YOUR TASK
Word for word, restate the lines from the start of the data below through the line containing "#51=VECTOR('',#50,1.);".

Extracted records

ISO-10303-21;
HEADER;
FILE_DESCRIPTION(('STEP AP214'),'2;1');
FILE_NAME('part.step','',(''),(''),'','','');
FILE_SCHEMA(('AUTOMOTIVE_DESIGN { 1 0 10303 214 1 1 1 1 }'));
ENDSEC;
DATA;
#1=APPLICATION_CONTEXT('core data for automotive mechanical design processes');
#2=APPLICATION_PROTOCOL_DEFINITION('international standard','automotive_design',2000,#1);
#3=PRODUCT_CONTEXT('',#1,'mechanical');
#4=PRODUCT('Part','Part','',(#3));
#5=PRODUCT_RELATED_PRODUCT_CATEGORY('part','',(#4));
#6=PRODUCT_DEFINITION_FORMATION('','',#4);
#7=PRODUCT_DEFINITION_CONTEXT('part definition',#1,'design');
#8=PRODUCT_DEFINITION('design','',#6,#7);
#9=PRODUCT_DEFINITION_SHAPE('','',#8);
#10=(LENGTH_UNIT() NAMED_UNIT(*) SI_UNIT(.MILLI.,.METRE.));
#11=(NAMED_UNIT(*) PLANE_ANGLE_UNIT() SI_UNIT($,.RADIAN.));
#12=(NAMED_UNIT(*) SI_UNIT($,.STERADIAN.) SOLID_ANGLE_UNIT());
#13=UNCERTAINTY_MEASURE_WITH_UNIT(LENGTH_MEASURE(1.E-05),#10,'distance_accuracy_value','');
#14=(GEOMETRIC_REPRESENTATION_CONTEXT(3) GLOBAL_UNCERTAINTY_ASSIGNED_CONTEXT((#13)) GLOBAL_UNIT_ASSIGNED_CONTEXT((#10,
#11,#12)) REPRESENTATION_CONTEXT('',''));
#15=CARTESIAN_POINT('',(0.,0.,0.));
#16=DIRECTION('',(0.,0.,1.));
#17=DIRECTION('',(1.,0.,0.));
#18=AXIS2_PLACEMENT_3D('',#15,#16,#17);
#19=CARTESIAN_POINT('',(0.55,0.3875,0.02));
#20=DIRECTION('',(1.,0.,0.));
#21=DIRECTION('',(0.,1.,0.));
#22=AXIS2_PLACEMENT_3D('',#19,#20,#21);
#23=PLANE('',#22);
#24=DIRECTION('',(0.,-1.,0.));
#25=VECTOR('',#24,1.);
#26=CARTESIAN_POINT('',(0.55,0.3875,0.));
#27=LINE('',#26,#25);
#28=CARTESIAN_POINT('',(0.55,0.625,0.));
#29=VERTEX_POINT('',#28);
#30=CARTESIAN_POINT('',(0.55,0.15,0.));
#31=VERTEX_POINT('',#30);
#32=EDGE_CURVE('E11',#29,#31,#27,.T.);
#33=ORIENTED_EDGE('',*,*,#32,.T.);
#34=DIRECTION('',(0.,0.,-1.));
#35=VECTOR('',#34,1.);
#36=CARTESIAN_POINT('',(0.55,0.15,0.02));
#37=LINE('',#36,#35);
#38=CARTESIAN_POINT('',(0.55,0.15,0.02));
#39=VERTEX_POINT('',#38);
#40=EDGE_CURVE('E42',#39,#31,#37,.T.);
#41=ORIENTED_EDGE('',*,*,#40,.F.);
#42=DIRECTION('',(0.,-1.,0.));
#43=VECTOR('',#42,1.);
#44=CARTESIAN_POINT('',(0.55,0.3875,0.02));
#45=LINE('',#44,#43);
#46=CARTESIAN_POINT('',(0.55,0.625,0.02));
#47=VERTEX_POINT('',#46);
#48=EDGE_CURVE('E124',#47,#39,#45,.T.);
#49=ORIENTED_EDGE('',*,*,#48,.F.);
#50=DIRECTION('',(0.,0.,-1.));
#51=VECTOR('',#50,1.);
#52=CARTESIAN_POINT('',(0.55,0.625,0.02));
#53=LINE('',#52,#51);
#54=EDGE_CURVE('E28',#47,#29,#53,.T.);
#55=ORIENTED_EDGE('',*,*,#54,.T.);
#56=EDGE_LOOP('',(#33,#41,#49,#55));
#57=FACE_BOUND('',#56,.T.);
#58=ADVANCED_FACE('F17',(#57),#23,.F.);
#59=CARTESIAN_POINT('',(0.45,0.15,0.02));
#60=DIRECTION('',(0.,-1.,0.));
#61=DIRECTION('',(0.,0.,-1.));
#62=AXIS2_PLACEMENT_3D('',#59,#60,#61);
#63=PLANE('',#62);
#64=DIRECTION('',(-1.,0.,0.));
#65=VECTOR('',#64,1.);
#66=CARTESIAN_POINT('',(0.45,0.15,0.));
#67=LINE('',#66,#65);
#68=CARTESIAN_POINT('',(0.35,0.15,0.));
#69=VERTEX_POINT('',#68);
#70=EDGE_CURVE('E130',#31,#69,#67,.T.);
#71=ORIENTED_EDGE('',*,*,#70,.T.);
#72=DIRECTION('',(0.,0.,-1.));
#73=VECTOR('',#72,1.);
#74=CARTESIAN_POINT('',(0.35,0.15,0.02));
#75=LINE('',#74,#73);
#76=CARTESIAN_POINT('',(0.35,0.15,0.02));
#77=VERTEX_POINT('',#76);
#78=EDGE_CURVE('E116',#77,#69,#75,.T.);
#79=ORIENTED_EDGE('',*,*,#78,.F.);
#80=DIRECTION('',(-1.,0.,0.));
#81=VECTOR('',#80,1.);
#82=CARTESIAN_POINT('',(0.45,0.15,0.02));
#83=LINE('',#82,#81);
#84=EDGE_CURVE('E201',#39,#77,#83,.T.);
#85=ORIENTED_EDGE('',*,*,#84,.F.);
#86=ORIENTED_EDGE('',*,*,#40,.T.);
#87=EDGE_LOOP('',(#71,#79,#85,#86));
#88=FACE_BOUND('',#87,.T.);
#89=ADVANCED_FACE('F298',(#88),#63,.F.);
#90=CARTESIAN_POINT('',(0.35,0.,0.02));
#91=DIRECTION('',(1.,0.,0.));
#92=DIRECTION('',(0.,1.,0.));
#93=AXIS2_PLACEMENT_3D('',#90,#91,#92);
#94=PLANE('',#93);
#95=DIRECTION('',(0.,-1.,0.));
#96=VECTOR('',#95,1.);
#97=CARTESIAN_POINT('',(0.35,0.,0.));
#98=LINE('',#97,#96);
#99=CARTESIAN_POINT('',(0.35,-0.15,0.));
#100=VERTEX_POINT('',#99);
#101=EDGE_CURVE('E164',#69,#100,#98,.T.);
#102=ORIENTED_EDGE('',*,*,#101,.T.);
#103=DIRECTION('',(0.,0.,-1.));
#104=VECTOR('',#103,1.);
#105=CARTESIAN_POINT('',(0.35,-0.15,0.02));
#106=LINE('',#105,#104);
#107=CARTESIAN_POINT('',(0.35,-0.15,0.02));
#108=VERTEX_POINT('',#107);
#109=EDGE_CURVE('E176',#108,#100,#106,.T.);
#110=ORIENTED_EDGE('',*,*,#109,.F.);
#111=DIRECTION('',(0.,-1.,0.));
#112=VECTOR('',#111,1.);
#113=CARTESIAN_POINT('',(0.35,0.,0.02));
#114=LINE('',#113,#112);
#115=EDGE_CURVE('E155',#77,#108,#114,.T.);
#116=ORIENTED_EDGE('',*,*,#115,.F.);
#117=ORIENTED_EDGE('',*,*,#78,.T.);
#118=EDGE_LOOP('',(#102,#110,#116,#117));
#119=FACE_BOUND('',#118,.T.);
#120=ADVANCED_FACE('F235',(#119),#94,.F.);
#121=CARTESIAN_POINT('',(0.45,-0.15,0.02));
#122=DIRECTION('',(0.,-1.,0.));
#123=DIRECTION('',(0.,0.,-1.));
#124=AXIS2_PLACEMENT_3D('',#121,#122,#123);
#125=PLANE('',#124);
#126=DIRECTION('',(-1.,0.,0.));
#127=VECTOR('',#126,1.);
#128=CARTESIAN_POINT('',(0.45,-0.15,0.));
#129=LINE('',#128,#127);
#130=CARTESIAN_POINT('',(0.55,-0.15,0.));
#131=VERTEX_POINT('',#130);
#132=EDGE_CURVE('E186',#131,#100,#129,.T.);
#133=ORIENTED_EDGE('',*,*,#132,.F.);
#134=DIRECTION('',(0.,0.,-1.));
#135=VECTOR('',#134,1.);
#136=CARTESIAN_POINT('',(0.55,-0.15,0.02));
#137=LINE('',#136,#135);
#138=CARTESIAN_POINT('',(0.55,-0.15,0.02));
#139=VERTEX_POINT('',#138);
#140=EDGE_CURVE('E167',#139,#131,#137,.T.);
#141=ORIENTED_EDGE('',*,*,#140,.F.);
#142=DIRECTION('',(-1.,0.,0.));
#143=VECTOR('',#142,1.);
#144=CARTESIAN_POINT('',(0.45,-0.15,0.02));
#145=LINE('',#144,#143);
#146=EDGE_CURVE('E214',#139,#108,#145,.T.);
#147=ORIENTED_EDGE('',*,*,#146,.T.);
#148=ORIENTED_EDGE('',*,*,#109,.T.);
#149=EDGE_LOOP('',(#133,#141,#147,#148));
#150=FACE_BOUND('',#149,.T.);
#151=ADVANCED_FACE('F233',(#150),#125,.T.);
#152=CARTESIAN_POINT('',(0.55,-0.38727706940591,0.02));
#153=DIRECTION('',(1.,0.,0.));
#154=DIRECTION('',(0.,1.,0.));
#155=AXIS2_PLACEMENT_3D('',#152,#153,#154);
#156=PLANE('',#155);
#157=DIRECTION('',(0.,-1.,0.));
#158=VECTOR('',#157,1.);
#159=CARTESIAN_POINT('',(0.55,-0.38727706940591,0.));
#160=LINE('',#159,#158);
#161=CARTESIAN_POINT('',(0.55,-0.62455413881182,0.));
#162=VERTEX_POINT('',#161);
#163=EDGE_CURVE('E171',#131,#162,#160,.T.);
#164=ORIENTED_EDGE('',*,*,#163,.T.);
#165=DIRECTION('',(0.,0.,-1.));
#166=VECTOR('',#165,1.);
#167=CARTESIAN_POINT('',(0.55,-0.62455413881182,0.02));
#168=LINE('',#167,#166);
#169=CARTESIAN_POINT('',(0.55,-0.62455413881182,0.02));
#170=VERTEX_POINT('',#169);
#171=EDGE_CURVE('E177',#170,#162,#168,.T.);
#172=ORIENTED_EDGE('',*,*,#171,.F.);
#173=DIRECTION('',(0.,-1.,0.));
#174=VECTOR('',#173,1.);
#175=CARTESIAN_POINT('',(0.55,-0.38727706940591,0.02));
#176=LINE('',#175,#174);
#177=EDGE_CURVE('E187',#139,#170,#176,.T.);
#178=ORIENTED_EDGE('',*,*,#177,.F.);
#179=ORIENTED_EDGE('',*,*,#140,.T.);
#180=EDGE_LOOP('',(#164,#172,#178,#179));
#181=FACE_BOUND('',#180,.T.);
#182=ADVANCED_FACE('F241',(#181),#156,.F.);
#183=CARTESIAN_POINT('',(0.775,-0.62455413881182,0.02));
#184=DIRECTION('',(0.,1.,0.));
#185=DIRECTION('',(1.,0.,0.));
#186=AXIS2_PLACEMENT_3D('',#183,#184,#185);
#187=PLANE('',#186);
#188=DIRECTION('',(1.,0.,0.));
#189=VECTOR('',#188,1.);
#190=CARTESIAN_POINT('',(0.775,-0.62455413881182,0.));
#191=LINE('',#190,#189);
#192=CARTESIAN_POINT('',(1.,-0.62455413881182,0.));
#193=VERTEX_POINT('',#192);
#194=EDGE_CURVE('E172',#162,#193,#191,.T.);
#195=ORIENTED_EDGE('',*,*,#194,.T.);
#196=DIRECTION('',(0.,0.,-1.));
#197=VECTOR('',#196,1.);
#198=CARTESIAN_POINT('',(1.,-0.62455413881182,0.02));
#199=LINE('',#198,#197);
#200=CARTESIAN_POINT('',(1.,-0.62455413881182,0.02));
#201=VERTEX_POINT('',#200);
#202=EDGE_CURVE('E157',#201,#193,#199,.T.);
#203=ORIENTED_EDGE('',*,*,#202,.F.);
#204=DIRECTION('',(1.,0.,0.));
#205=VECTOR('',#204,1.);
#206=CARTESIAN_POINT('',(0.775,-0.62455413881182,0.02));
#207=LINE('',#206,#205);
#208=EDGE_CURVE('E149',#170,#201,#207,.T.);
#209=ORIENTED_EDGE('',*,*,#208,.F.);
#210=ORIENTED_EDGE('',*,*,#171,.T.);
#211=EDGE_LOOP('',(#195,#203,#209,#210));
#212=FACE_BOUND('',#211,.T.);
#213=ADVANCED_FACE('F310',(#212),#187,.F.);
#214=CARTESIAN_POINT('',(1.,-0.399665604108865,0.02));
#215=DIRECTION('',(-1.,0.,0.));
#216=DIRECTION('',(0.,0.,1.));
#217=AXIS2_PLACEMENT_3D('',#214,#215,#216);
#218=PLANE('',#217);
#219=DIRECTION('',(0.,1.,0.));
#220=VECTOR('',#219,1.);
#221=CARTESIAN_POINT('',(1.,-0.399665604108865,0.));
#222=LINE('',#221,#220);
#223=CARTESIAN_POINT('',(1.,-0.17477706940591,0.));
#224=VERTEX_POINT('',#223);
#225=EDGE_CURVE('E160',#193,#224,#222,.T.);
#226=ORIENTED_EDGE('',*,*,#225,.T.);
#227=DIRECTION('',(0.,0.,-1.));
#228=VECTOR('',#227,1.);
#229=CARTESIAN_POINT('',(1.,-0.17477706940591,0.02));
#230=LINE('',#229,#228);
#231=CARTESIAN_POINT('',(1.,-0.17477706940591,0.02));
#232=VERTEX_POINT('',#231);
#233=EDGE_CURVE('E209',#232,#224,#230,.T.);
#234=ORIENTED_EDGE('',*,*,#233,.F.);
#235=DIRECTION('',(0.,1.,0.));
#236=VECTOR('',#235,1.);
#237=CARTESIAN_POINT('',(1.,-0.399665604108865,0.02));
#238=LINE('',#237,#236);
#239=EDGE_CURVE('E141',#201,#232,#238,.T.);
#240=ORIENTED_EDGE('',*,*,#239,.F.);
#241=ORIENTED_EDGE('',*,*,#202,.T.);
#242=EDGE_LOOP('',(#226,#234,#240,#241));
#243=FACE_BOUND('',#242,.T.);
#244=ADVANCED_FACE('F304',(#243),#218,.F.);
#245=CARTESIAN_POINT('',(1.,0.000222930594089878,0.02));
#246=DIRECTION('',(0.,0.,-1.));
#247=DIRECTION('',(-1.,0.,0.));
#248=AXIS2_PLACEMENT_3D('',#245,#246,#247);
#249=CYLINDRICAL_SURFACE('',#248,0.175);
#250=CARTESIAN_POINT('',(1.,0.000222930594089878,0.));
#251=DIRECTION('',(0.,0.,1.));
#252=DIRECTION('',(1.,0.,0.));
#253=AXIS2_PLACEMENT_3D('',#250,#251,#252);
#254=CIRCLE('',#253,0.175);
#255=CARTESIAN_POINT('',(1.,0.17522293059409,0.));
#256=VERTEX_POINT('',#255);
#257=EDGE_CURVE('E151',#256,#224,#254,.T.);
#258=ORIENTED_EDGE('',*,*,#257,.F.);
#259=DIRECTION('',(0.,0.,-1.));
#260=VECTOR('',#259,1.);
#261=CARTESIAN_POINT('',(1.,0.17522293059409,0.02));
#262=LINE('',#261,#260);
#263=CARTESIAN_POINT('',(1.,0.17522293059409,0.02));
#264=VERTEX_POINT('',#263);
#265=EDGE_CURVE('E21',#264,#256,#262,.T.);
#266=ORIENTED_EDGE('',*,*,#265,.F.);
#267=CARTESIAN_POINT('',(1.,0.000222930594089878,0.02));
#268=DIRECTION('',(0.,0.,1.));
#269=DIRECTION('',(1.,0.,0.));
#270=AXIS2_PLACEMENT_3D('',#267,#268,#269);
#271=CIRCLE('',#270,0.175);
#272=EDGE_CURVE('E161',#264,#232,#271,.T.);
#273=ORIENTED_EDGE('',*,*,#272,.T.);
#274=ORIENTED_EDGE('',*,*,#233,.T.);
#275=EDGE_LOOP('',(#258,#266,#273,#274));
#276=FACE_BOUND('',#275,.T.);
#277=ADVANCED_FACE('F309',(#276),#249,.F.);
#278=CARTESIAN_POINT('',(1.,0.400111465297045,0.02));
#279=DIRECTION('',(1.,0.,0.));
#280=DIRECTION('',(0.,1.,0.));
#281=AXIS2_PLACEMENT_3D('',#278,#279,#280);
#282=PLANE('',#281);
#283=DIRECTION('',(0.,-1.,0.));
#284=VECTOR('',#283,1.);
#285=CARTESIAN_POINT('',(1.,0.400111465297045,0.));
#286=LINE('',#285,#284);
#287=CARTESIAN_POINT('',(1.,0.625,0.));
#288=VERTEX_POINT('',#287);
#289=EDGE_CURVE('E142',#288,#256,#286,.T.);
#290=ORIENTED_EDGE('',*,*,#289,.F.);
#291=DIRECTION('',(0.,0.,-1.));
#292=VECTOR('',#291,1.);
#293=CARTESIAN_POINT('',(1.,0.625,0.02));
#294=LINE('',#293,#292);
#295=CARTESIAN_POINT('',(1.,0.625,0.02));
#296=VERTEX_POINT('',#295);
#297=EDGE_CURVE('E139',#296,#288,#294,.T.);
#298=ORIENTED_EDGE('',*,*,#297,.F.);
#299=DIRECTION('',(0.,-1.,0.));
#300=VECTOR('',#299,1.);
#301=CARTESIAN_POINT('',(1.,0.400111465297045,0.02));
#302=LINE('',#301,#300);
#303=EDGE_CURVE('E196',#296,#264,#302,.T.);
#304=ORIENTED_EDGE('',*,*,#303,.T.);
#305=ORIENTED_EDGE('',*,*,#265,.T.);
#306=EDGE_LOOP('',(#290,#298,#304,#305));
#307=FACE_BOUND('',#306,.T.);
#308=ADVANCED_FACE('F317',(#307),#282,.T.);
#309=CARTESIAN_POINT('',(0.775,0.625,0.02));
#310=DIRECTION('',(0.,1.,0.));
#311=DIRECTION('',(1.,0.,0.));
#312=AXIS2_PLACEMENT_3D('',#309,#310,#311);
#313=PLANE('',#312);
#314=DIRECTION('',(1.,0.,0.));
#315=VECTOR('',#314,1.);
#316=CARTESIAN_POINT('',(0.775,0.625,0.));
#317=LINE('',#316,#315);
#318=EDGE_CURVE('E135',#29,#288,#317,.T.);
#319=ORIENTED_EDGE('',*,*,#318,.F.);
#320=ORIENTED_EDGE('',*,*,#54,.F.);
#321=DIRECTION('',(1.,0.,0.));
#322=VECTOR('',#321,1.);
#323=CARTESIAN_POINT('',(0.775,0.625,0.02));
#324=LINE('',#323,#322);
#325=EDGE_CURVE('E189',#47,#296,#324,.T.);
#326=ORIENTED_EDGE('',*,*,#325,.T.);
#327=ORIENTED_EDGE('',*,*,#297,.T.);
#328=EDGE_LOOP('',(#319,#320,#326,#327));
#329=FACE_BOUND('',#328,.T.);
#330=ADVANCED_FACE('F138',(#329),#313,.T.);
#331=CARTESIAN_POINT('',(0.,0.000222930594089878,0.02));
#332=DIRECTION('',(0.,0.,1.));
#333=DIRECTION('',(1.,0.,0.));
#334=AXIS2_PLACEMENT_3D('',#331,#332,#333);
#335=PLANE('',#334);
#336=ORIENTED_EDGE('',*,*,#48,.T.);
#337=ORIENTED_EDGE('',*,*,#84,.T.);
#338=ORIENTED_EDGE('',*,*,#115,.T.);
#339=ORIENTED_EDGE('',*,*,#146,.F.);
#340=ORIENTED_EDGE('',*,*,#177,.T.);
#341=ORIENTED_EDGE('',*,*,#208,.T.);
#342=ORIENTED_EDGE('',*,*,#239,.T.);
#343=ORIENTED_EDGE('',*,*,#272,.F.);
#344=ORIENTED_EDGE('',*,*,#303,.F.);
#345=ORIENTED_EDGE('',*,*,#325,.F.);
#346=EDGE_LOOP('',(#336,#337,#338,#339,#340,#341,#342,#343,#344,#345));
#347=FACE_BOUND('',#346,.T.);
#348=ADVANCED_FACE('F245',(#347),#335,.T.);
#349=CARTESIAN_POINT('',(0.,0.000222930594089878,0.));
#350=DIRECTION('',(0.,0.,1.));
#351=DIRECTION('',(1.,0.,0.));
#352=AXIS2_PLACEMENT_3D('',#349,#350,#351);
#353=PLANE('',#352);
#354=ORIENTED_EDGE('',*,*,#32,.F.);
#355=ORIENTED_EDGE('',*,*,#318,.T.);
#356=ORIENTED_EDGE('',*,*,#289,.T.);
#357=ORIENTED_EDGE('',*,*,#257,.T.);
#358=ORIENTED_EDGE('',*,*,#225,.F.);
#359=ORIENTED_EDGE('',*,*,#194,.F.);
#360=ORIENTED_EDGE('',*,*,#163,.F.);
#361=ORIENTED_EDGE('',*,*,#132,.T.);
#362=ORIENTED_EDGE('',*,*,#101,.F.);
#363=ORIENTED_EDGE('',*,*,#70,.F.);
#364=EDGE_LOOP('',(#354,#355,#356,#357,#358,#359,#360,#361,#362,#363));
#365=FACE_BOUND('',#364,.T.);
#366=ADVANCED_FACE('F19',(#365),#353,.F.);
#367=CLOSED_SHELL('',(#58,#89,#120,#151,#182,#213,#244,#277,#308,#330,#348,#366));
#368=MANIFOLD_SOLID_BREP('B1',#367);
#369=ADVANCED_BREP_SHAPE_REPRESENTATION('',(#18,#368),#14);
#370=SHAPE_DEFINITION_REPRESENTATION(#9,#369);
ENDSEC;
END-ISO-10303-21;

TASK RESPONSE
ISO-10303-21;
HEADER;
FILE_DESCRIPTION(('STEP AP214'),'2;1');
FILE_NAME('part.step','',(''),(''),'','','');
FILE_SCHEMA(('AUTOMOTIVE_DESIGN { 1 0 10303 214 1 1 1 1 }'));
ENDSEC;
DATA;
#1=APPLICATION_CONTEXT('core data for automotive mechanical design processes');
#2=APPLICATION_PROTOCOL_DEFINITION('international standard','automotive_design',2000,#1);
#3=PRODUCT_CONTEXT('',#1,'mechanical');
#4=PRODUCT('Part','Part','',(#3));
#5=PRODUCT_RELATED_PRODUCT_CATEGORY('part','',(#4));
#6=PRODUCT_DEFINITION_FORMATION('','',#4);
#7=PRODUCT_DEFINITION_CONTEXT('part definition',#1,'design');
#8=PRODUCT_DEFINITION('design','',#6,#7);
#9=PRODUCT_DEFINITION_SHAPE('','',#8);
#10=(LENGTH_UNIT() NAMED_UNIT(*) SI_UNIT(.MILLI.,.METRE.));
#11=(NAMED_UNIT(*) PLANE_ANGLE_UNIT() SI_UNIT($,.RADIAN.));
#12=(NAMED_UNIT(*) SI_UNIT($,.STERADIAN.) SOLID_ANGLE_UNIT());
#13=UNCERTAINTY_MEASURE_WITH_UNIT(LENGTH_MEASURE(1.E-05),#10,'distance_accuracy_value','');
#14=(GEOMETRIC_REPRESENTATION_CONTEXT(3) GLOBAL_UNCERTAINTY_ASSIGNED_CONTEXT((#13)) GLOBAL_UNIT_ASSIGNED_CONTEXT((#10,
#11,#12)) REPRESENTATION_CONTEXT('',''));
#15=CARTESIAN_POINT('',(0.,0.,0.));
#16=DIRECTION('',(0.,0.,1.));
#17=DIRECTION('',(1.,0.,0.));
#18=AXIS2_PLACEMENT_3D('',#15,#16,#17);
#19=CARTESIAN_POINT('',(0.55,0.3875,0.02));
#20=DIRECTION('',(1.,0.,0.));
#21=DIRECTION('',(0.,1.,0.));
#22=AXIS2_PLACEMENT_3D('',#19,#20,#21);
#23=PLANE('',#22);
#24=DIRECTION('',(0.,-1.,0.));
#25=VECTOR('',#24,1.);
#26=CARTESIAN_POINT('',(0.55,0.3875,0.));
#27=LINE('',#26,#25);
#28=CARTESIAN_POINT('',(0.55,0.625,0.));
#29=VERTEX_POINT('',#28);
#30=CARTESIAN_POINT('',(0.55,0.15,0.));
#31=VERTEX_POINT('',#30);
#32=EDGE_CURVE('E11',#29,#31,#27,.T.);
#33=ORIENTED_EDGE('',*,*,#32,.T.);
#34=DIRECTION('',(0.,0.,-1.));
#35=VECTOR('',#34,1.);
#36=CARTESIAN_POINT('',(0.55,0.15,0.02));
#37=LINE('',#36,#35);
#38=CARTESIAN_POINT('',(0.55,0.15,0.02));
#39=VERTEX_POINT('',#38);
#40=EDGE_CURVE('E42',#39,#31,#37,.T.);
#41=ORIENTED_EDGE('',*,*,#40,.F.);
#42=DIRECTION('',(0.,-1.,0.));
#43=VECTOR('',#42,1.);
#44=CARTESIAN_POINT('',(0.55,0.3875,0.02));
#45=LINE('',#44,#43);
#46=CARTESIAN_POINT('',(0.55,0.625,0.02));
#47=VERTEX_POINT('',#46);
#48=EDGE_CURVE('E124',#47,#39,#45,.T.);
#49=ORIENTED_EDGE('',*,*,#48,.F.);
#50=DIRECTION('',(0.,0.,-1.));
#51=VECTOR('',#50,1.);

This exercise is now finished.